Well, there's no profit in the path of least resistance, and changing reality to suit our broken nature rather than seeking healing is a dead-end snare. Even what we think we have will be taken away - in this case, those who seek "only the good parts" in fact get none of the good parts at all: no first words, first steps, first days of school, learning to read and ride a bike, never the joy of knowing that you are the most important people on earth to one fragile life who needs you, and no joy in the finished product, when they leave for their own adult life and (all being well) continue to rely on you - no longer from need, but from love.

When I saw this I actually thought of a CMR post, the one about suffering... about eventually being a burden to everyone, or else accepting that burden for your own loved ones. To be blunt, hells yeah! We get married for better AND worse, not for better and then you're on your own, pallie. It is an honor for my wife and I to trust each other with our very dignity in our final days, just as it is an honor to guard and nurture the formation of any children we may have.

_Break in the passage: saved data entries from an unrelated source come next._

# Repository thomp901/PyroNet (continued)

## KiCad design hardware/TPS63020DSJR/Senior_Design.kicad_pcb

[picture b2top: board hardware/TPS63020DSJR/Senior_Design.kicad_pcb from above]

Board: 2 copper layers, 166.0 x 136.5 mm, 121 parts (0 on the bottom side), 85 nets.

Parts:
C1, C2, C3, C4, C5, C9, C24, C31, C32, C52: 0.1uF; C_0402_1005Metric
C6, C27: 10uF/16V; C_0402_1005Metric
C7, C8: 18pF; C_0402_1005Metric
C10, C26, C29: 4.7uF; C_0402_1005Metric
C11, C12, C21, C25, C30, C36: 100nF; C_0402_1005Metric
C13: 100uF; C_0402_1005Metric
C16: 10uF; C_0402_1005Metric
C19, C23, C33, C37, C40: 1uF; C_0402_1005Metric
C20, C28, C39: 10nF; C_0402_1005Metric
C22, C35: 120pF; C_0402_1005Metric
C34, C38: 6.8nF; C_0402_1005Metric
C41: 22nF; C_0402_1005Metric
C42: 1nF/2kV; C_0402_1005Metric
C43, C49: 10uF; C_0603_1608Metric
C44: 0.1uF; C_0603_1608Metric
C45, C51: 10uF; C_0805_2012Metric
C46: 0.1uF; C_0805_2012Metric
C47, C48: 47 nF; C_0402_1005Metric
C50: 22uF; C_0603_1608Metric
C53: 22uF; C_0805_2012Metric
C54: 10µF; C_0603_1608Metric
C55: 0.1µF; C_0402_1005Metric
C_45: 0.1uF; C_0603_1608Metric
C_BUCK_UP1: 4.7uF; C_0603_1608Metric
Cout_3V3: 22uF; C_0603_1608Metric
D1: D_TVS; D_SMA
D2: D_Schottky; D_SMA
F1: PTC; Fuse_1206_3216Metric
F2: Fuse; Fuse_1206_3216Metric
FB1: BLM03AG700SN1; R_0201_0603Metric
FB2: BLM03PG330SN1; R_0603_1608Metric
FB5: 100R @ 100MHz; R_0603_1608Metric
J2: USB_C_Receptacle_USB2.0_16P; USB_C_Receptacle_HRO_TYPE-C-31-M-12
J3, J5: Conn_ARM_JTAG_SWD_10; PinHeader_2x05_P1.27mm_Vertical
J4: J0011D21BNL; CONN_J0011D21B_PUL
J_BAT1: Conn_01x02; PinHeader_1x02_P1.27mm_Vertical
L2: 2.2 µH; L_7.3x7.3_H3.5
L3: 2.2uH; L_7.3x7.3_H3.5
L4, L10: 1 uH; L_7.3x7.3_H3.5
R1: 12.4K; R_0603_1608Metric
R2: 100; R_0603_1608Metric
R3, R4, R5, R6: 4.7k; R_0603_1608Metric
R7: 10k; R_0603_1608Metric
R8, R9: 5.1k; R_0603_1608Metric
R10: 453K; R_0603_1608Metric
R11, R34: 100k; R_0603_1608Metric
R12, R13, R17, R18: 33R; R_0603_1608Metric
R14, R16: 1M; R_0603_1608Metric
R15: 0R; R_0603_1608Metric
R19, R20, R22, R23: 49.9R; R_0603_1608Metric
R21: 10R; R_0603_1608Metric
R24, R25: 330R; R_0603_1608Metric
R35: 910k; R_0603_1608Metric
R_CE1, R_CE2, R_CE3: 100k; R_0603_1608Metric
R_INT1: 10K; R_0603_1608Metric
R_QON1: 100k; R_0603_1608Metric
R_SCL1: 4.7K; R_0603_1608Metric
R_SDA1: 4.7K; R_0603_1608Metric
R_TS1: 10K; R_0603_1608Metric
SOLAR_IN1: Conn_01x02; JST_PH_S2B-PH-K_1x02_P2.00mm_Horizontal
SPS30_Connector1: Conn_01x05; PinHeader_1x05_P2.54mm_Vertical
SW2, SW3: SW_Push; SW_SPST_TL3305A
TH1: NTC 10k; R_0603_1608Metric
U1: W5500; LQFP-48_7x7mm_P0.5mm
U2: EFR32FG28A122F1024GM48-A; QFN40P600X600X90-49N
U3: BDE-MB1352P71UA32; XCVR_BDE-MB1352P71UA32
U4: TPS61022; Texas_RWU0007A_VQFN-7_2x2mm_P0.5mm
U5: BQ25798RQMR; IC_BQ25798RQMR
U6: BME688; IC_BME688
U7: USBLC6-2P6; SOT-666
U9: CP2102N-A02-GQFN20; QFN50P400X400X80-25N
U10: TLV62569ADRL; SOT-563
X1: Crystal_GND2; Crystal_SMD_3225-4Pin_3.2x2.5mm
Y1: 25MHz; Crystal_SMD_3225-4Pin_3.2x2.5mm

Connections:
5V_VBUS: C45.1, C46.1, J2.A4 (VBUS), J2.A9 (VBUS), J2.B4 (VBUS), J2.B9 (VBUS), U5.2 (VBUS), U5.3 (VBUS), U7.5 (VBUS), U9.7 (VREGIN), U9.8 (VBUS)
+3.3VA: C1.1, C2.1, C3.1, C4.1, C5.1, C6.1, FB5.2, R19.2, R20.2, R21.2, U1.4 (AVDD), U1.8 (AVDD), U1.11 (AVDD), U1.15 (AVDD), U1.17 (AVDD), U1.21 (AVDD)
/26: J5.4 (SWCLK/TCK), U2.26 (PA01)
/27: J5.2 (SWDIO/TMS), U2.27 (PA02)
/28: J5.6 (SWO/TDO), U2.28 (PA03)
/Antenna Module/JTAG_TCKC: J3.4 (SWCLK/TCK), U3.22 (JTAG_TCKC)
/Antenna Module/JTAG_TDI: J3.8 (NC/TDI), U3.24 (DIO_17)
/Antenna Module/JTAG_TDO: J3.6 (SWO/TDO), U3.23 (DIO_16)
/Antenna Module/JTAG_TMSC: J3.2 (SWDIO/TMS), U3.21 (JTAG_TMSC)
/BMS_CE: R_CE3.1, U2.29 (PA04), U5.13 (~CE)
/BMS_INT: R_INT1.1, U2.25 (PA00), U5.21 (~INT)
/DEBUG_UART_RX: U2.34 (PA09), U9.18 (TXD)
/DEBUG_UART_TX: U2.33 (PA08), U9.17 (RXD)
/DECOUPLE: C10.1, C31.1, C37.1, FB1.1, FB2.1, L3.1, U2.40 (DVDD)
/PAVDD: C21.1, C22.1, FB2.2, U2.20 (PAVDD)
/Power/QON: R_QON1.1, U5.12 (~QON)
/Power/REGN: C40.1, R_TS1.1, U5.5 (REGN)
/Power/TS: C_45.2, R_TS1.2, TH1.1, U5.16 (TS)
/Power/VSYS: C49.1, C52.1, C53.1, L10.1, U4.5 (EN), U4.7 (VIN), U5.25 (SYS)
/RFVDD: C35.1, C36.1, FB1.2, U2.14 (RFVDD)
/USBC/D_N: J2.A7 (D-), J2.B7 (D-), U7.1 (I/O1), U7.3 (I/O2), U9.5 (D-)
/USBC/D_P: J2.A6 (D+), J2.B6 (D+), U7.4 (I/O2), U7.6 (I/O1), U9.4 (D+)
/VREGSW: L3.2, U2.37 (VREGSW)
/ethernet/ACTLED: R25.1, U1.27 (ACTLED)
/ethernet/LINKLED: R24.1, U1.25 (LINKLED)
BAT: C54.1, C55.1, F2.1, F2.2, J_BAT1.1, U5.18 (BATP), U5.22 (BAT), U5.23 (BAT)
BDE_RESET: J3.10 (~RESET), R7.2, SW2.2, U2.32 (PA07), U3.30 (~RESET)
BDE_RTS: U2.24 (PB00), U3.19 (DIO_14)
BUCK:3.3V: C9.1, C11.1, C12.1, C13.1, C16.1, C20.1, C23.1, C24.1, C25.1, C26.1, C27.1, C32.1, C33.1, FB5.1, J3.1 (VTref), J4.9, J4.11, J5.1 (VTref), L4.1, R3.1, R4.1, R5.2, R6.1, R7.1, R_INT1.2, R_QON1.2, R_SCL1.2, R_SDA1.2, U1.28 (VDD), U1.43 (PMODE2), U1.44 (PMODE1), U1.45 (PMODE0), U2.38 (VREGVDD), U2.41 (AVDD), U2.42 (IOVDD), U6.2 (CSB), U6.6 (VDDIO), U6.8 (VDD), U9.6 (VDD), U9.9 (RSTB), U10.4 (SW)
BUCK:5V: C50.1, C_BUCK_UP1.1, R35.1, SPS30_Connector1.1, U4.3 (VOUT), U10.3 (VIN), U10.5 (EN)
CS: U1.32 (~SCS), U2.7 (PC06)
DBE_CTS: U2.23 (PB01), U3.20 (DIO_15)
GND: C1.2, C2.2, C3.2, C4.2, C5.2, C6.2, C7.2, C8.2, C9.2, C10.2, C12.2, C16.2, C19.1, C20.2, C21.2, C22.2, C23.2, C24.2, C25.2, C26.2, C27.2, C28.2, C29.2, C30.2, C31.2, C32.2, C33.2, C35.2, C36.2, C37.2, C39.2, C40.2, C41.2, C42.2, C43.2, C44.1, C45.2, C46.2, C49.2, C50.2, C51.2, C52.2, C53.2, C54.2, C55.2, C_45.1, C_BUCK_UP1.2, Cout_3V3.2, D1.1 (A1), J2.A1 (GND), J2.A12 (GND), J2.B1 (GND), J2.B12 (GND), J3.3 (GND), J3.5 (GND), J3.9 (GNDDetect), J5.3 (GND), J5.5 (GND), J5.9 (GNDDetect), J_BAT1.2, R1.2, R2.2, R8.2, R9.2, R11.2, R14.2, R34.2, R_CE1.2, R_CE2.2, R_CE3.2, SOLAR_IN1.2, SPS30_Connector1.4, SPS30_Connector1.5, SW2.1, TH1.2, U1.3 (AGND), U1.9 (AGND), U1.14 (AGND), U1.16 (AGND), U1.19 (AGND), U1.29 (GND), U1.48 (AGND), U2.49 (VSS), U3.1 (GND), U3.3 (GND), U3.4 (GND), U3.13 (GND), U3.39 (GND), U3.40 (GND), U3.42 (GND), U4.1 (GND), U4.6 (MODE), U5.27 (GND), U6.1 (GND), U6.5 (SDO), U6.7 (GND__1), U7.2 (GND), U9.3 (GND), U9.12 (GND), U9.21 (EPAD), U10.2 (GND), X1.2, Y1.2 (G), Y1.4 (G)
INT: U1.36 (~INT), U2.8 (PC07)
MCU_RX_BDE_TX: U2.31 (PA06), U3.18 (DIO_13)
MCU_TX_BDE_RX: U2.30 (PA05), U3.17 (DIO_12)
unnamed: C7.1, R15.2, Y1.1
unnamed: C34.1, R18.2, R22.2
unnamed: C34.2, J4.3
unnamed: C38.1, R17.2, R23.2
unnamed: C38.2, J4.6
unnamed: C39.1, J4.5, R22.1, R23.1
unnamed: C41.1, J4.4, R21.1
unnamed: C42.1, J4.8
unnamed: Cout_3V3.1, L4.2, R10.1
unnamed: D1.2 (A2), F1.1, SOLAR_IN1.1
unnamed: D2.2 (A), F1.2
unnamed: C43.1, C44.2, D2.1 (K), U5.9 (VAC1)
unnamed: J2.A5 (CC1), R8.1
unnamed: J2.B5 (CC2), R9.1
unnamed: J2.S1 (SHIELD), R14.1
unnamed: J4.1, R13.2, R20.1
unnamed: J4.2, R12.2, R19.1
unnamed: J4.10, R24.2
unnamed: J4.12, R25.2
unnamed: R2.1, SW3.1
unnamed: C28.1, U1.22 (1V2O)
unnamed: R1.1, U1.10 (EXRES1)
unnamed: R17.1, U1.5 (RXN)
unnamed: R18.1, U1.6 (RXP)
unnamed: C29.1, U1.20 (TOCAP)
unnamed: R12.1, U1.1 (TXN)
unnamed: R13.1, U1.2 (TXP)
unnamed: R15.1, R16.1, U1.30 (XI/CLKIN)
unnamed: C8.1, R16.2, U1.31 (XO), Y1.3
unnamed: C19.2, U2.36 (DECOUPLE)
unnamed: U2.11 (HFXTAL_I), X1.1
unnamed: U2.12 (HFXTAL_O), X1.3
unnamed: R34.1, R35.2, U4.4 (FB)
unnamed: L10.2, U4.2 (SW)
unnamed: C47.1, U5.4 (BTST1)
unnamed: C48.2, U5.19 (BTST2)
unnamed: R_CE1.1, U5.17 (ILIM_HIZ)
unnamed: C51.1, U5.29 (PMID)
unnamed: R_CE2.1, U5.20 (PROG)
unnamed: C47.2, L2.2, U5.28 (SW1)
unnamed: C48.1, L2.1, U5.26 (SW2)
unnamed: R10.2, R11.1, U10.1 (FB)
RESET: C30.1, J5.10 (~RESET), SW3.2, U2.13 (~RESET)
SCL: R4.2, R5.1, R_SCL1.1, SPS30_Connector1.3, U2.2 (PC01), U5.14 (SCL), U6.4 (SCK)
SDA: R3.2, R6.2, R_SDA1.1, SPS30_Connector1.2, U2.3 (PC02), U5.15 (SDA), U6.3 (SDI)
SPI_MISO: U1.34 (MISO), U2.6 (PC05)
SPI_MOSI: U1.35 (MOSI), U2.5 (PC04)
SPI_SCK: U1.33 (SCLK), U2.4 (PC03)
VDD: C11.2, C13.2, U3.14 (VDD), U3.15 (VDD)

And the more our culture wears away to the nub, the more I think of how essential that covenant is - because how else can we all learn this great lesson, in a world which makes a fetish of keeping us from learning any hard lessons at all, from earliest childhood on? No winning - it makes losers feel bad. No correcting - it hurts our self-esteem. No right and wrong - the only wrong is imposing a standard of any sort. No risks - you may get hurt, poor baby!

Hence, no self-knowledge, no respect, no humility, no prudence, no ability to balance risk and reward, no courage, no great works, and a constant feeling of being too good for handling life's necessities. It's someone else's fault!

Sadly, reaping whirlwinds is equally hard work, with much less reward.